WORK INSTRUCTION
Lines below starting with the line with "doc.layers.add(name, color=color, linetype=linetype)" and going on through the line with "blk = doc.blocks.new('PL')" must be output exactly; the rest of the records must be left out.

━━━━━━━━━━

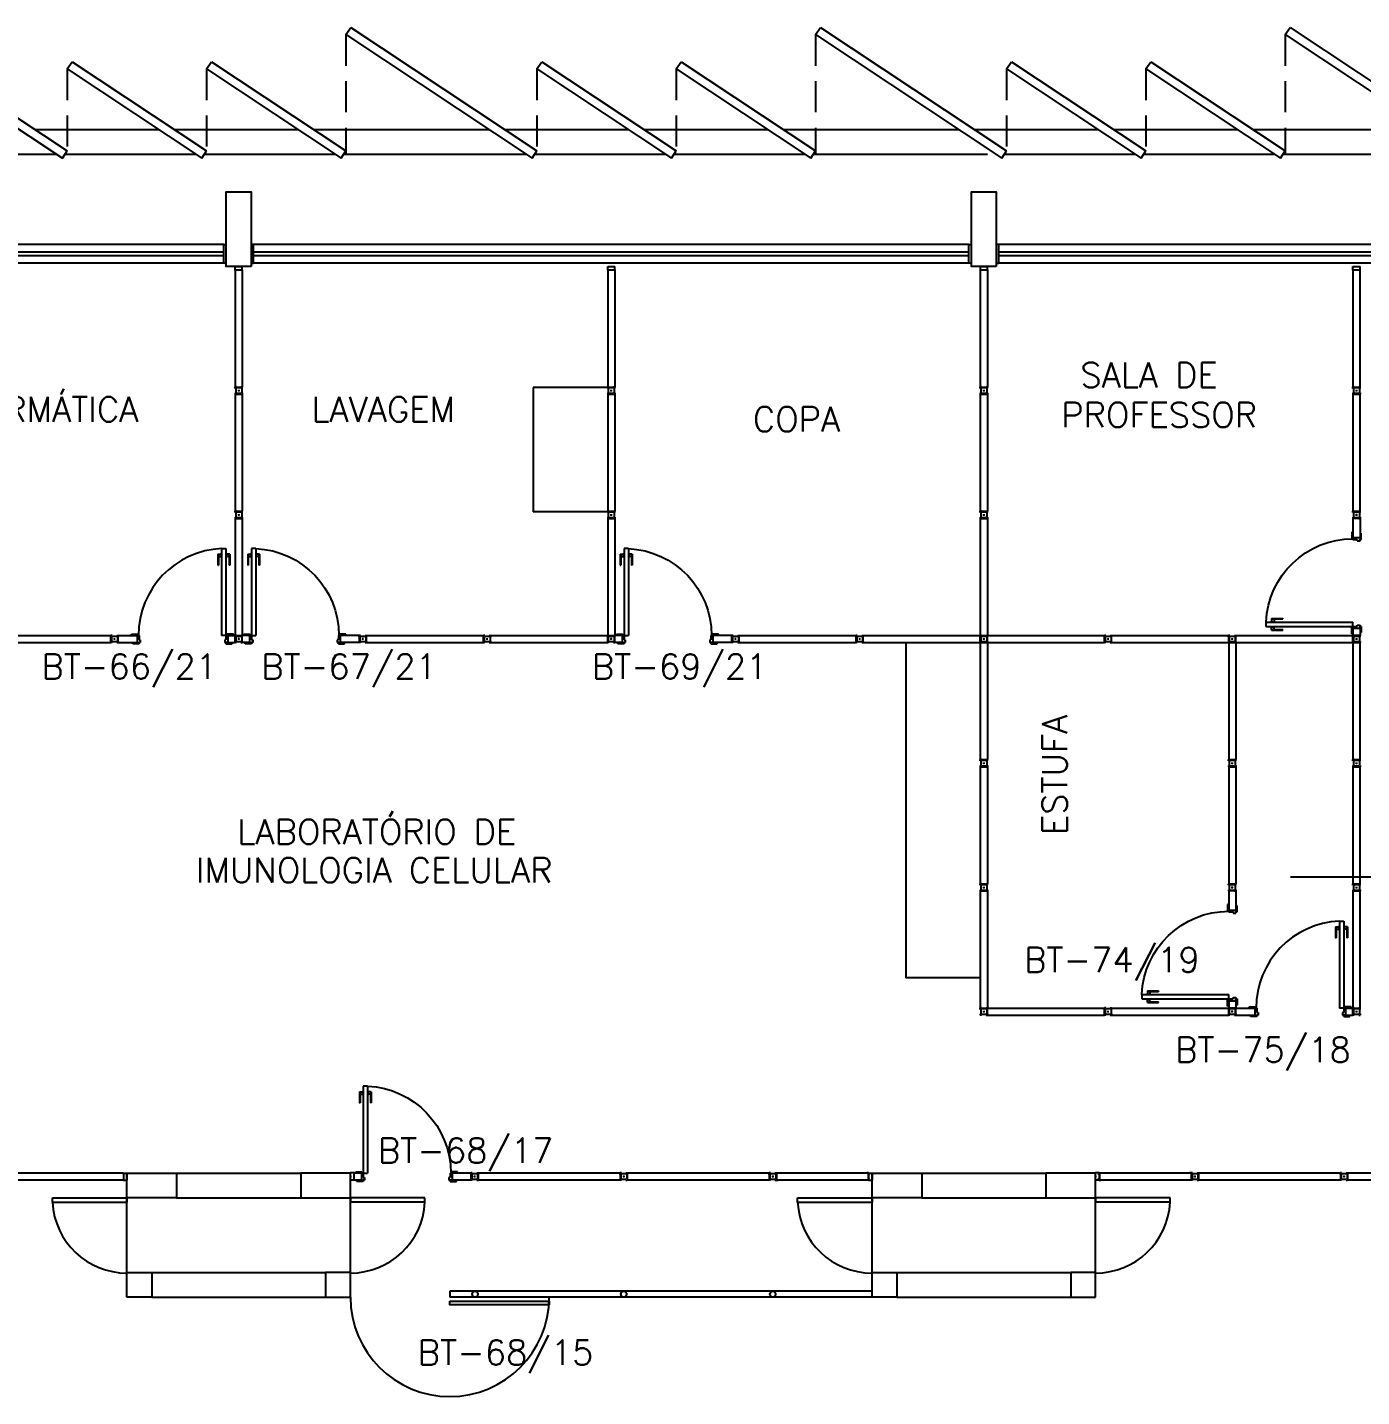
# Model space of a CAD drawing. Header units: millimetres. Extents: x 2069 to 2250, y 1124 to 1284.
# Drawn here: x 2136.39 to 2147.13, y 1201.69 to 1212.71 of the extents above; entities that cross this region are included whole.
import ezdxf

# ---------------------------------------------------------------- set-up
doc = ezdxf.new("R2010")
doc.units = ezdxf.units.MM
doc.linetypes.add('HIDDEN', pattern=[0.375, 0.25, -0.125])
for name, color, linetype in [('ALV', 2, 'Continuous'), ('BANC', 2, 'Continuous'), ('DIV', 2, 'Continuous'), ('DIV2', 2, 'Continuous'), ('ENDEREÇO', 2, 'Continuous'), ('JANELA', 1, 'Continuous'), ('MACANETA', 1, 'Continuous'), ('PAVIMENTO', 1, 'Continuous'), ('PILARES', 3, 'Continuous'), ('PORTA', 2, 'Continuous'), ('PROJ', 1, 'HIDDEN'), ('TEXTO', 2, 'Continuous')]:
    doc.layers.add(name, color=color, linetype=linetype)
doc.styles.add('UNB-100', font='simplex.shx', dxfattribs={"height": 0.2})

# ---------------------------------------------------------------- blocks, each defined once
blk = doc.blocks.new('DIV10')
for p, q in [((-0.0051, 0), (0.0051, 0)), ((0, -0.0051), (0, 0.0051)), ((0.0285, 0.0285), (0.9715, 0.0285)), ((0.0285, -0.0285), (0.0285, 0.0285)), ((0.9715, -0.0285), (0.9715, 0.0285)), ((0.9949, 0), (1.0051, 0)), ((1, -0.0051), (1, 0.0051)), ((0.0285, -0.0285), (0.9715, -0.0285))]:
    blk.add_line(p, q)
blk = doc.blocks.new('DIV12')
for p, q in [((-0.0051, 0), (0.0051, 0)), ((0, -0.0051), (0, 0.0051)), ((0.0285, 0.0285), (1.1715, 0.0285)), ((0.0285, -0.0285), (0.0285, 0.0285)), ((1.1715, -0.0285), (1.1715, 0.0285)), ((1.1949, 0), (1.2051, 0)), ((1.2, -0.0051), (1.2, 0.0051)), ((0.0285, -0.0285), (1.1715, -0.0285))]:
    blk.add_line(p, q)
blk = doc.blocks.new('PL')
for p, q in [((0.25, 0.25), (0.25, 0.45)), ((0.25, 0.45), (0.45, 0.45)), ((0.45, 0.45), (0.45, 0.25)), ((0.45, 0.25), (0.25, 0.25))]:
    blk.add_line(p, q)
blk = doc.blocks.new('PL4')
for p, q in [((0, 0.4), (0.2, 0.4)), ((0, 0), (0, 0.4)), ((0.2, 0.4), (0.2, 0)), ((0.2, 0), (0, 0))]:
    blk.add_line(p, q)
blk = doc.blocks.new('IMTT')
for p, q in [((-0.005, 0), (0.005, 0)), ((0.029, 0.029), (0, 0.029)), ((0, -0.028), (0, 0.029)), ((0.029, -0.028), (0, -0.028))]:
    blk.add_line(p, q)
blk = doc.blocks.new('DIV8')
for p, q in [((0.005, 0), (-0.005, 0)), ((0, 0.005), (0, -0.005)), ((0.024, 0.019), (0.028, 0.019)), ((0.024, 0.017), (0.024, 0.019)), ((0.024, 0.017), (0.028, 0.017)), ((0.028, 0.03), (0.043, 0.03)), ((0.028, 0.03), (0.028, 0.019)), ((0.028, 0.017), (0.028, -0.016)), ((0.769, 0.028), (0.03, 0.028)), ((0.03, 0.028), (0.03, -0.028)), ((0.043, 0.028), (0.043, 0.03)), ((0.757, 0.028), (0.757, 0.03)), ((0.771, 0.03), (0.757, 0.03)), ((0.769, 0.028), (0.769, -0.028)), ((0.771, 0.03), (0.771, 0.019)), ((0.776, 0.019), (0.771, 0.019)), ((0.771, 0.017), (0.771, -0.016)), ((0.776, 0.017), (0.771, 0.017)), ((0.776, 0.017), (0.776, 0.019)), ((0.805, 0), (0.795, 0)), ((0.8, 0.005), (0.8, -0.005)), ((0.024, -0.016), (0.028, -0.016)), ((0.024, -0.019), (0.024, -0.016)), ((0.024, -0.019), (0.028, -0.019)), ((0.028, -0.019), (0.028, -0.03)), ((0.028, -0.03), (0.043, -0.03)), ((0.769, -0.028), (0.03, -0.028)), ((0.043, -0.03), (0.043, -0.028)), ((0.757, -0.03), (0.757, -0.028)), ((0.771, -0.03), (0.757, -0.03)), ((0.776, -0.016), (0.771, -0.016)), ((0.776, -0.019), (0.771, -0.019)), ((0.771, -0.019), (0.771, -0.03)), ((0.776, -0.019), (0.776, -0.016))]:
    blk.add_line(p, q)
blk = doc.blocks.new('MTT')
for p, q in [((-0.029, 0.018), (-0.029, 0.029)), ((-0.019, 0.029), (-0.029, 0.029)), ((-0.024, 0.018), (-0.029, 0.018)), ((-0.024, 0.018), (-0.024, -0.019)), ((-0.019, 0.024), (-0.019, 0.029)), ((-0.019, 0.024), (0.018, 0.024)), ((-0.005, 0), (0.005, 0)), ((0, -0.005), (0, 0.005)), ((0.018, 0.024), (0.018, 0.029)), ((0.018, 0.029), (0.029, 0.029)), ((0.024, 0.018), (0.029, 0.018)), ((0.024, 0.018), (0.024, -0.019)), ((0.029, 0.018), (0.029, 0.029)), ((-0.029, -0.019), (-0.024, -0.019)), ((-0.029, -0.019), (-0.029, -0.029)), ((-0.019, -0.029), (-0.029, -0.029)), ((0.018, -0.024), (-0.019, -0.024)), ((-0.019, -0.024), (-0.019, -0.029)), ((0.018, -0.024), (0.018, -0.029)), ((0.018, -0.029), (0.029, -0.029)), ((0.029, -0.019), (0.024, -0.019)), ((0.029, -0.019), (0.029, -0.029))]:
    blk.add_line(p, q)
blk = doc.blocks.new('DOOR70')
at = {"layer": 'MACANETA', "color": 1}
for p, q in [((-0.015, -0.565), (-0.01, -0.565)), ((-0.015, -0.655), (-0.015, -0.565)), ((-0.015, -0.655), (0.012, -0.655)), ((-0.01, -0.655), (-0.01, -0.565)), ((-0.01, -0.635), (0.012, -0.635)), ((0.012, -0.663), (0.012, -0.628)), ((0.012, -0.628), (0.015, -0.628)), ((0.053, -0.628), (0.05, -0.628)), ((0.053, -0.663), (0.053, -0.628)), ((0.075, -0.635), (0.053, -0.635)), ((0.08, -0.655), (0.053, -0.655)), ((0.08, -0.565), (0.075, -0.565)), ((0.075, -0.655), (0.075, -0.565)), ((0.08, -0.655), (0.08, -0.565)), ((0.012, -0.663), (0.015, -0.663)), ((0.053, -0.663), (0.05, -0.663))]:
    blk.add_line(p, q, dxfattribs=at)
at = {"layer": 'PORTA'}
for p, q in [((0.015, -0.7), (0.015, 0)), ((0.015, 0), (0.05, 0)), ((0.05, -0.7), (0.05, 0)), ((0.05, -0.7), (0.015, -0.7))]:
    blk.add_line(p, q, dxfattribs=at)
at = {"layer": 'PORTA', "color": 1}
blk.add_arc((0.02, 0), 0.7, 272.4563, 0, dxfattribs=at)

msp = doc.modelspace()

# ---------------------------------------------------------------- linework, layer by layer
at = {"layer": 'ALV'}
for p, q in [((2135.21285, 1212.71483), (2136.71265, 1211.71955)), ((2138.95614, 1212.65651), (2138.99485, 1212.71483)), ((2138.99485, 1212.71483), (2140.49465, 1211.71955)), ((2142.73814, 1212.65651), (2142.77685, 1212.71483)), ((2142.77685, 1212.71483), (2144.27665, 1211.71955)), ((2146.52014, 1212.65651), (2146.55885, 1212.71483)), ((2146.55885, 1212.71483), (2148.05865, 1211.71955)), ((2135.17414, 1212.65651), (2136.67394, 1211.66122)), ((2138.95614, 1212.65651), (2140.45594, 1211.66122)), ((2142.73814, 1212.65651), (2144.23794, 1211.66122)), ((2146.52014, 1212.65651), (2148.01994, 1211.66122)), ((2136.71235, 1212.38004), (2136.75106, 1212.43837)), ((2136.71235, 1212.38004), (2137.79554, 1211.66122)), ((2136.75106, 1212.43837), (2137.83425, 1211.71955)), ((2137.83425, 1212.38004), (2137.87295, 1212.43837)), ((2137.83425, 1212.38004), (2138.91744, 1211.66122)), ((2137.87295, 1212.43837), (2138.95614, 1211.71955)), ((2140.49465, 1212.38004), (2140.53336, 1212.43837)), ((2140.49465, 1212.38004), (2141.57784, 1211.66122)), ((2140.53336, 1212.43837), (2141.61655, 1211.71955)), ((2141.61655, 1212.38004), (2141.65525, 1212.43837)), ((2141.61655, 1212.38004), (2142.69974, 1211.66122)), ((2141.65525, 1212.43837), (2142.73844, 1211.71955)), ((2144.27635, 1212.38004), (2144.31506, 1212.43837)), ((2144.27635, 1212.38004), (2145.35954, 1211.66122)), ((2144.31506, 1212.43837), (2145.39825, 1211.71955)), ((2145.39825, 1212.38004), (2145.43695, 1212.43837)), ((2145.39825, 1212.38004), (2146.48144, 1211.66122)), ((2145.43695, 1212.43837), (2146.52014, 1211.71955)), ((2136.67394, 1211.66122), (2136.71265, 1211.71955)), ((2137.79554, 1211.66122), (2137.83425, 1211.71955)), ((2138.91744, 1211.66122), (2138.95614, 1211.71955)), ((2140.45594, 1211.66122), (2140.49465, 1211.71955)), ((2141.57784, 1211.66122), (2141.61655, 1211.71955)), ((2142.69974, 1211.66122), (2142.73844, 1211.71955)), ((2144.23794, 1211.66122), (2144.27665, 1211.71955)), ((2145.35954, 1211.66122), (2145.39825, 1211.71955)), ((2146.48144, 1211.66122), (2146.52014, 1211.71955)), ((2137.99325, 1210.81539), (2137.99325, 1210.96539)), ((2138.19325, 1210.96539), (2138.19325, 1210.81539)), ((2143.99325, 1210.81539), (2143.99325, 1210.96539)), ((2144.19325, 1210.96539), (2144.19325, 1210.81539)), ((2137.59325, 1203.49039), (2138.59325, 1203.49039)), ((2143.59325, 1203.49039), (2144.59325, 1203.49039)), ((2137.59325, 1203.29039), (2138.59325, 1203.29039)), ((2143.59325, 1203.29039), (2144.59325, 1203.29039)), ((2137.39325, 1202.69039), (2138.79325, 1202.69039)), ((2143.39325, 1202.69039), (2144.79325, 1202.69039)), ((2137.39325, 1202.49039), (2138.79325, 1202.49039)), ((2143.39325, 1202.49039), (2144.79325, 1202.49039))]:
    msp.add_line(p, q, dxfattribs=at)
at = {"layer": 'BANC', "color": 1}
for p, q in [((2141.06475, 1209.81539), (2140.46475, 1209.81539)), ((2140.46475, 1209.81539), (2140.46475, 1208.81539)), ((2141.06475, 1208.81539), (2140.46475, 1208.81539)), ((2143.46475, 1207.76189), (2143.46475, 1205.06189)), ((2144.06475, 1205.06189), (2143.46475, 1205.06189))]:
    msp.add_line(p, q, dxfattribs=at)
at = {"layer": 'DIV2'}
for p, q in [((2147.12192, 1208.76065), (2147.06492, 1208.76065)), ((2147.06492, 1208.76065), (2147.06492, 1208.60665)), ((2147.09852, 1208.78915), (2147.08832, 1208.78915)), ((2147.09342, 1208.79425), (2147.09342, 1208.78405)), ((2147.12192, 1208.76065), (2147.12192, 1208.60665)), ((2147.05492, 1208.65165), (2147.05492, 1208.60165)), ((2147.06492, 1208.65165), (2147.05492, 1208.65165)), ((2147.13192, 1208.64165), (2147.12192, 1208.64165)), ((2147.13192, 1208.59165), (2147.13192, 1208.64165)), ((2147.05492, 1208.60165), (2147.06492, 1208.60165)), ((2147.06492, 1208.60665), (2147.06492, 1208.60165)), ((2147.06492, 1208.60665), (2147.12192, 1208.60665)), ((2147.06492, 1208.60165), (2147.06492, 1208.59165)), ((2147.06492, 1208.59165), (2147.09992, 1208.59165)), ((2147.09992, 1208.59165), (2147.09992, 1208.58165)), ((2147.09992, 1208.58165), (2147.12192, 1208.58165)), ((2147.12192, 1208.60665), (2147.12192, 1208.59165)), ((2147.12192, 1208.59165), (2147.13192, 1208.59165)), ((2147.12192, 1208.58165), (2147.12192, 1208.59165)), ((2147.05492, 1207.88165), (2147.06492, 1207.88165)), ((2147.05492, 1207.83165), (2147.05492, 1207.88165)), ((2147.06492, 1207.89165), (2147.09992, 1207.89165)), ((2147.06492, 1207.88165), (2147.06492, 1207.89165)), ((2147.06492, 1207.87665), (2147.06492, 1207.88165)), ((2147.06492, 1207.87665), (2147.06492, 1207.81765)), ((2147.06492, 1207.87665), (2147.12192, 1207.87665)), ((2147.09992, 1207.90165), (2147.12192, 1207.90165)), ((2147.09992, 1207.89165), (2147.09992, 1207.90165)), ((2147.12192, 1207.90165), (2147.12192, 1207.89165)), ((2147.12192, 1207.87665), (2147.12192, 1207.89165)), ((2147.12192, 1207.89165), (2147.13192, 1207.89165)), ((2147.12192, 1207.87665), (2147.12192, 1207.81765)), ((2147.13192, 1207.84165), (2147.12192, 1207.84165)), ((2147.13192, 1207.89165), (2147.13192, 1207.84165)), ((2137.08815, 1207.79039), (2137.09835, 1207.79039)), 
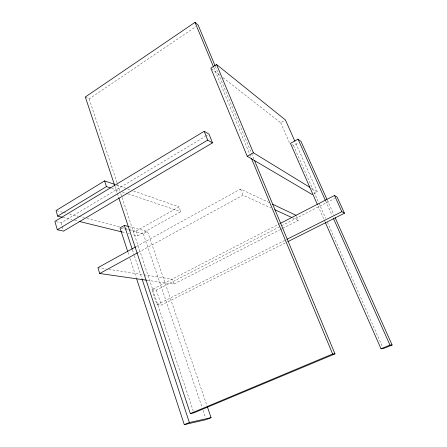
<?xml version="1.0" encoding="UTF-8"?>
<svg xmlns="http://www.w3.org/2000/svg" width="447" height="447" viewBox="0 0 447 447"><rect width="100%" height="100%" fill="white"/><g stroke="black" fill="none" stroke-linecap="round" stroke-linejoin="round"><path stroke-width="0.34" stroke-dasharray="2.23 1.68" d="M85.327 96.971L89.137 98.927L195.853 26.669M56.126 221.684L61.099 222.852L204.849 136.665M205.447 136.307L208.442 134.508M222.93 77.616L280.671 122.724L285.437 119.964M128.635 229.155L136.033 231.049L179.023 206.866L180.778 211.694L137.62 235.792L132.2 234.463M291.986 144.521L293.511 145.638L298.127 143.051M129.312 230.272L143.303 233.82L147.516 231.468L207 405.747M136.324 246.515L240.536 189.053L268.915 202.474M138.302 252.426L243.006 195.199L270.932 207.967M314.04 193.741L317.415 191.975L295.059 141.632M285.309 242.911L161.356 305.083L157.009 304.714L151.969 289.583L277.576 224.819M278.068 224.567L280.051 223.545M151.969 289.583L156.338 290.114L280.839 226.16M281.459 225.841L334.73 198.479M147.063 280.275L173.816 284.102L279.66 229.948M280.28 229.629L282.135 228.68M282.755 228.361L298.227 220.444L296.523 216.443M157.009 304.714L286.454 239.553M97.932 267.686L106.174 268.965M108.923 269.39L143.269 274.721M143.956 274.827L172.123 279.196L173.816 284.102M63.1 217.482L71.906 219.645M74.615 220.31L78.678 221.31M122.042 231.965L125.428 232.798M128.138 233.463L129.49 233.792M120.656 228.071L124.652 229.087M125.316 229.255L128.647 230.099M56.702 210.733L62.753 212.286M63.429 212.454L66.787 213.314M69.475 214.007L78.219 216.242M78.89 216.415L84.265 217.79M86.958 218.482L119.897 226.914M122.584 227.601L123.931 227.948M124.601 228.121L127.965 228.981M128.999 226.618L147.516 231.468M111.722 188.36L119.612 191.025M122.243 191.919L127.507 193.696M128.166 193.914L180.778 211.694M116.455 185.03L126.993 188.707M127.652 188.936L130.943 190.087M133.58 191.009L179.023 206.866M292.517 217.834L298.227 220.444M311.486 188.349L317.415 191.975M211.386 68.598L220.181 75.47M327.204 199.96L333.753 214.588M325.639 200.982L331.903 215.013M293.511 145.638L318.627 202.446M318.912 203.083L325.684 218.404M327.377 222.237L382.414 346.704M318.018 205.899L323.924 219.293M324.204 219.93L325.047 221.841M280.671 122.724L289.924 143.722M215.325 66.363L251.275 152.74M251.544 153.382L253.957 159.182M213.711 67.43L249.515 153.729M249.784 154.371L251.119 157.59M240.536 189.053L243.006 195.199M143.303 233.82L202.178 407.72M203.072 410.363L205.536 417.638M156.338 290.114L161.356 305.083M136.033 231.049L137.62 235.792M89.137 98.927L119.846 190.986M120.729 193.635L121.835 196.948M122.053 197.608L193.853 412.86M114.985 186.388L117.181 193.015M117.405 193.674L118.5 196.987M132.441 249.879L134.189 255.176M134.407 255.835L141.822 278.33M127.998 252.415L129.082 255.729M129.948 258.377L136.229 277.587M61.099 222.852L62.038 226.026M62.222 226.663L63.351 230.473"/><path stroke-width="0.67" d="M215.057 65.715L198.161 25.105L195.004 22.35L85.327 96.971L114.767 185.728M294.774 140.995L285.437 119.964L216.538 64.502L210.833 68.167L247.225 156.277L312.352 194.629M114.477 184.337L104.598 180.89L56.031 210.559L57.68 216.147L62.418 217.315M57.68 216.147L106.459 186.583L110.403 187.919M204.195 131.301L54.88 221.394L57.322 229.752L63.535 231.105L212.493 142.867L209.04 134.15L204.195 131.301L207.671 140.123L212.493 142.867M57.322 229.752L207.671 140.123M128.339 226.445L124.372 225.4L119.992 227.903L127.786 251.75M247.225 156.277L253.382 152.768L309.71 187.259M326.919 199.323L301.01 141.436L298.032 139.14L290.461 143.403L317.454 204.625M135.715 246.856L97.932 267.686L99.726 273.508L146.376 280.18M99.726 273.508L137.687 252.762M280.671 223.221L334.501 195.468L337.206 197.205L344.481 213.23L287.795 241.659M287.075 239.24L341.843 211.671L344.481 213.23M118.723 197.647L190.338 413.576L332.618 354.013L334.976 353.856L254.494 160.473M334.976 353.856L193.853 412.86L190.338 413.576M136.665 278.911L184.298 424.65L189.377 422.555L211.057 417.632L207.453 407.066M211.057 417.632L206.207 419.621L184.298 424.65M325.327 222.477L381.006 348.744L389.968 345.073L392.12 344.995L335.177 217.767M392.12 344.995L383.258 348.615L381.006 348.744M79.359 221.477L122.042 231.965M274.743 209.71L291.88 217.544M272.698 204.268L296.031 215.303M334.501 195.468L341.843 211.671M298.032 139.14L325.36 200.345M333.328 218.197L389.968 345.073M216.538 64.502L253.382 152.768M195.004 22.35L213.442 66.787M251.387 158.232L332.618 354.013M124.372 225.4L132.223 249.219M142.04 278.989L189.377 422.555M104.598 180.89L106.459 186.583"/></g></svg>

━━━━━━━━━━

RESULT OF THIS TASK
    doc.layers.add(name, color=color, linetype=linetype)
doc.styles.add('UNB-100', font='simplex.shx', dxfattribs={"height": 0.2})

# ---------------------------------------------------------------- blocks, each defined once
blk = doc.blocks.new('DIV10')
for p, q in [((-0.0051, 0), (0.0051, 0)), ((0, -0.0051), (0, 0.0051)), ((0.0285, 0.0285), (0.9715, 0.0285)), ((0.0285, -0.0285), (0.0285, 0.0285)), ((0.9715, -0.0285), (0.9715, 0.0285)), ((0.9949, 0), (1.0051, 0)), ((1, -0.0051), (1, 0.0051)), ((0.0285, -0.0285), (0.9715, -0.0285))]:
    blk.add_line(p, q)
blk = doc.blocks.new('DIV12')
for p, q in [((-0.0051, 0), (0.0051, 0)), ((0, -0.0051), (0, 0.0051)), ((0.0285, 0.0285), (1.1715, 0.0285)), ((0.0285, -0.0285), (0.0285, 0.0285)), ((1.1715, -0.0285), (1.1715, 0.0285)), ((1.1949, 0), (1.2051, 0)), ((1.2, -0.0051), (1.2, 0.0051)), ((0.0285, -0.0285), (1.1715, -0.0285))]:
    blk.add_line(p, q)
blk = doc.blocks.new('PL')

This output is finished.